What is the make/model of your computer. If it is custom built, what is the hardware in it?

Does this slowdown still happen in safe mode?

Have you used a RAM testing bootable utility such as memtestx86+ from http://www.memtest.org/ ?

If you remove the new RAM and HDD, does this still happen? If it doesn't, add the components one at a time, until you can find out what the culprit is.

You need to do some basic troubleshooting before anyone can even begin to guess at the problems you are having.

MDMarra

Posted 2009-09-05T04:42:04.320

Reputation: 19 580

0

I have had this persistent problem with my PC and it is accompanied by choppy sound. It seems the HDD defaults to PIO mode if there are too many communications errors. I fix it by unistalling my ATA/IDE drivers under "Devices" but it is a temporary solution since after a while teh comm errors build up and the machine goes back to PIO mode.

jacw

Posted 2009-09-05T04:42:04.320

Reputation:

0

Check your motherboard. It may only be capable of handling 2GB of RAM, especially if it's an older XP computer. (My old Dell PC could not understand more than 2GB)

Macha

Posted 2009-09-05T04:42:04.320

Reputation: 4 772

0

Download Process Explorer. While Process Explorer is running, do something that takes a long time to run. Note which process is taking all the CPU. If it is a process called Interrupts, then your hard drive needs to be set to a DMA mode (it's probably running in PIO mode).

Read here on how to revert back to the DMA mode. Mostly, you can take care of the problem by running this script and then rebooting the box.
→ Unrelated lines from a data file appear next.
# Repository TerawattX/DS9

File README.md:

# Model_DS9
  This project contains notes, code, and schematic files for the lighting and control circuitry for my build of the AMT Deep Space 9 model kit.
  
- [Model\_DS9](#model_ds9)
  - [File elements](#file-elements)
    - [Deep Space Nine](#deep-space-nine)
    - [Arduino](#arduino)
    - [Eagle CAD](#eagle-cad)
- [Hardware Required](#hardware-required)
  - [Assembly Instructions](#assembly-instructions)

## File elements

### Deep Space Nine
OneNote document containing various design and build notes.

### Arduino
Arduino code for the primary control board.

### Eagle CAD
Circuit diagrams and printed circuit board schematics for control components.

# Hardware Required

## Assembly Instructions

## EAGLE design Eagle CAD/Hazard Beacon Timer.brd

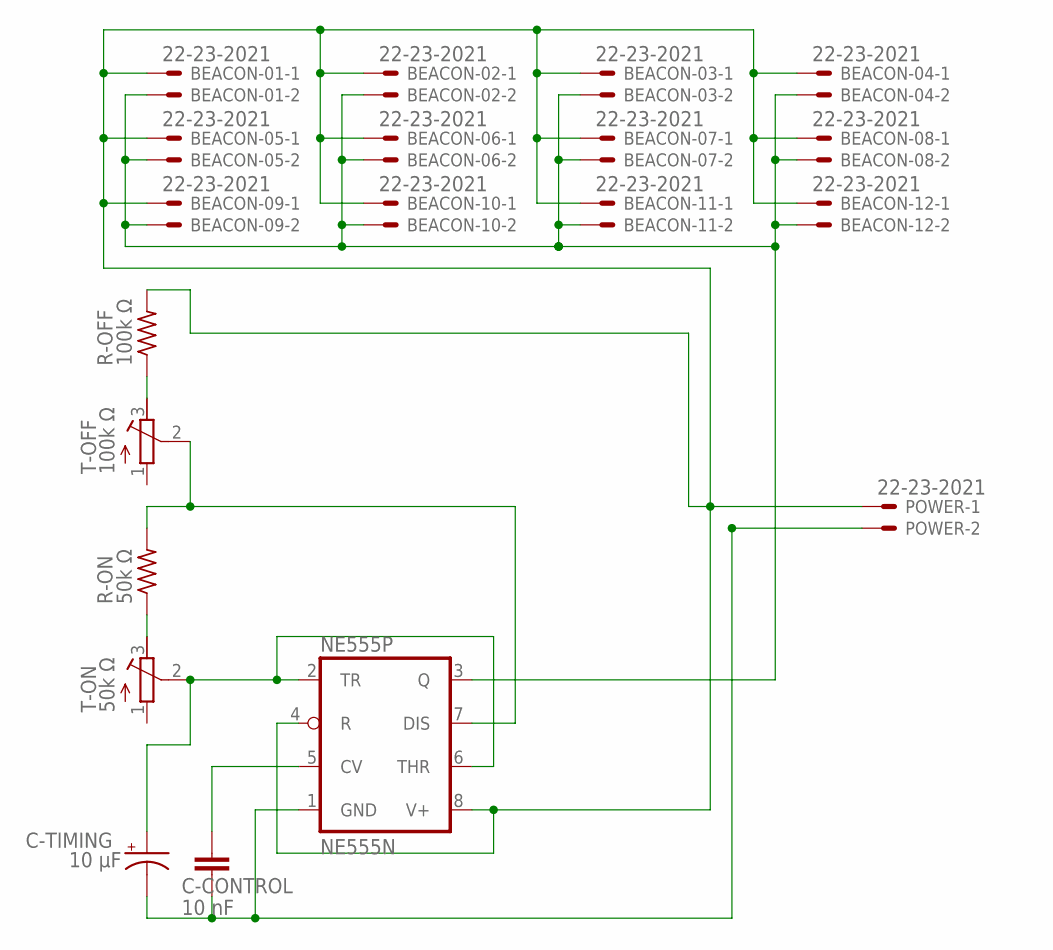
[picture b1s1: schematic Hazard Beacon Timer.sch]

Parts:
BEACON-01, BEACON-02, BEACON-03, BEACON-04, BEACON-05, BEACON-06, BEACON-07, BEACON-08, BEACON-09, BEACON-10, BEACON-11, BEACON-12: 22-23-2021
C-CONTROL: 10 nF; C2.5-2
C-TIMING: 10 μF; E2-5
NE555P: NE555N; DIL08
POWER: 22-23-2021
R-OFF: 100k Ω; 0207/7
R-ON: 50k Ω; 0207/7
T-OFF: 100k Ω; RTRIM5X
T-ON: 50k Ω; RTRIM5X

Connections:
unnamed: C-CONTROL.1, NE555P.5 (CV)
unnamed: R-ON.1, T-ON.3 (E)
unnamed: NE555P.7 (DIS), R-ON.2, T-OFF.2 (S)
unnamed: BEACON-01.1, BEACON-02.1, BEACON-03.1, BEACON-04.1, BEACON-05.1, BEACON-06.1, BEACON-07.1, BEACON-08.1, BEACON-09.1, BEACON-10.1, BEACON-11.1, BEACON-12.1, NE555P.4 (R), NE555P.8 (V+), POWER.1, R-OFF.2
unnamed: R-OFF.1, T-OFF.3 (E)
unnamed: BEACON-01.2, BEACON-02.2, BEACON-03.2, BEACON-04.2, BEACON-05.2, BEACON-06.2, BEACON-07.2, BEACON-08.2, BEACON-09.2, BEACON-10.2, BEACON-11.2, BEACON-12.2, NE555P.3 (Q)
unnamed: C-TIMING.+, NE555P.2 (TR), NE555P.6 (THR), T-ON.2 (S)
unnamed: C-CONTROL.2, C-TIMING.-, NE555P.1 (GND), POWER.2

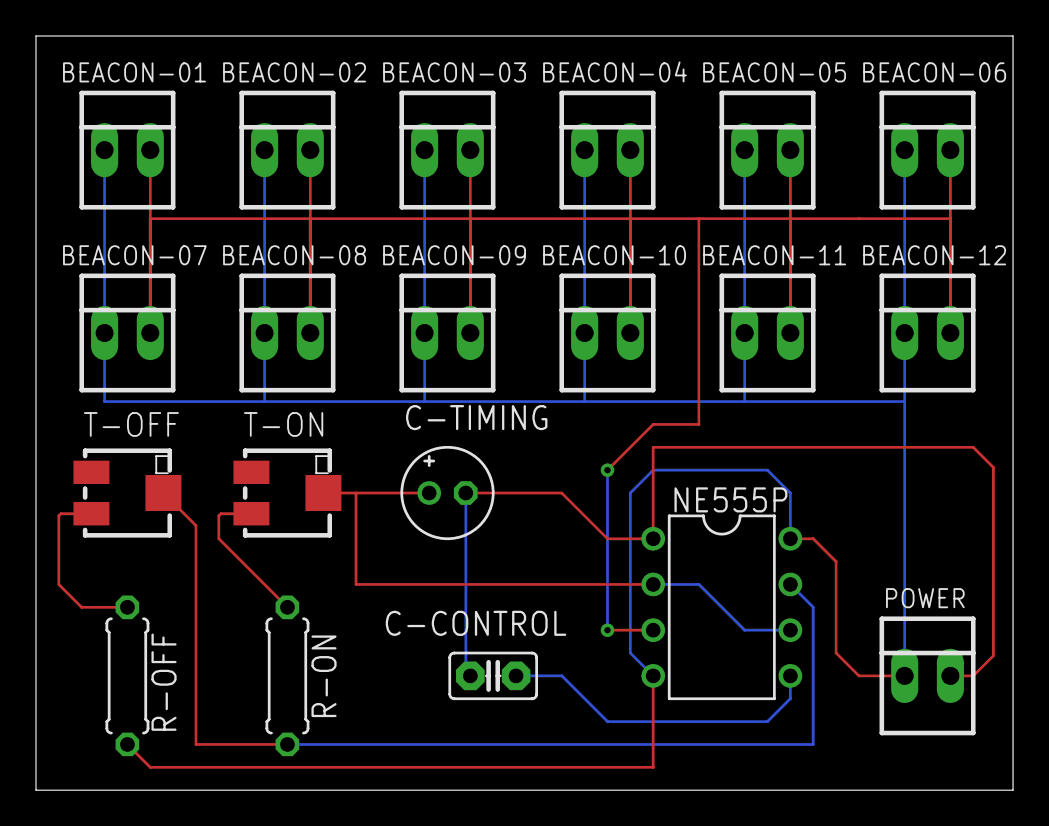
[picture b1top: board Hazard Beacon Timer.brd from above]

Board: 2 copper layers, 54.3 x 41.9 mm, 20 parts (0 on the bottom side), 8 nets.

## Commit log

2023-03-31 Initial Commit.
    Add basic schematic and board file.
2023-03-31 Beacon Control Board update
    - Rename Schematic to Hazard Beacon Timer since there are going to be other components/boards.
    - Update board diagram to a more final layout.
2023-03-31 Add OneNote file for notes
2023-03-31 Reorg Files
    - Reorganized files into directories
    - Add ReadMe contents
    - Add notes to OneNote
2023-04-13 Update to notes
2023-04-15 3d print testing
2023-04-16 Update print notes
2023-04-23 Print test updates
2023-06-01 Update to print status

Finally, you honestly do not need 5 GB on a Windows XP 32-bit edition, though it is most likely not the problem here. Remove the 1GB stick, it is totally superfluous. The only use I could see for it is if you want to use RamDisk Plus from SuperSpeed - it does let you create RamDisks that utilize memory from the beyond the 3.5GB limit.

AngryHacker

Posted 2009-09-05T04:42:04.320

Reputation: 14 731

0

Check, in Device Manager, to make sure that Windows is using UDMA moed to access the new drive, and not PIO - this would cause a massive reduction in apparent drive speed while simultaneously consuming extra CPU time for IO operations concerning that drive.

If Windows has dropped the access mode to a lower standard it may just be a "random" glitch due to the change of hardware between boots. It may also be because it has experienced IO errors communicating with the drive. In response to certain types of error it will drop the IO mode down a level and retry so you may not have had noticed of the condition. I suggest checking the SMART logs of the drive closely and performing a full test (drives can perform self-tests, which must SMART related utilities will be able to kick off, I also suggest a full surface scan).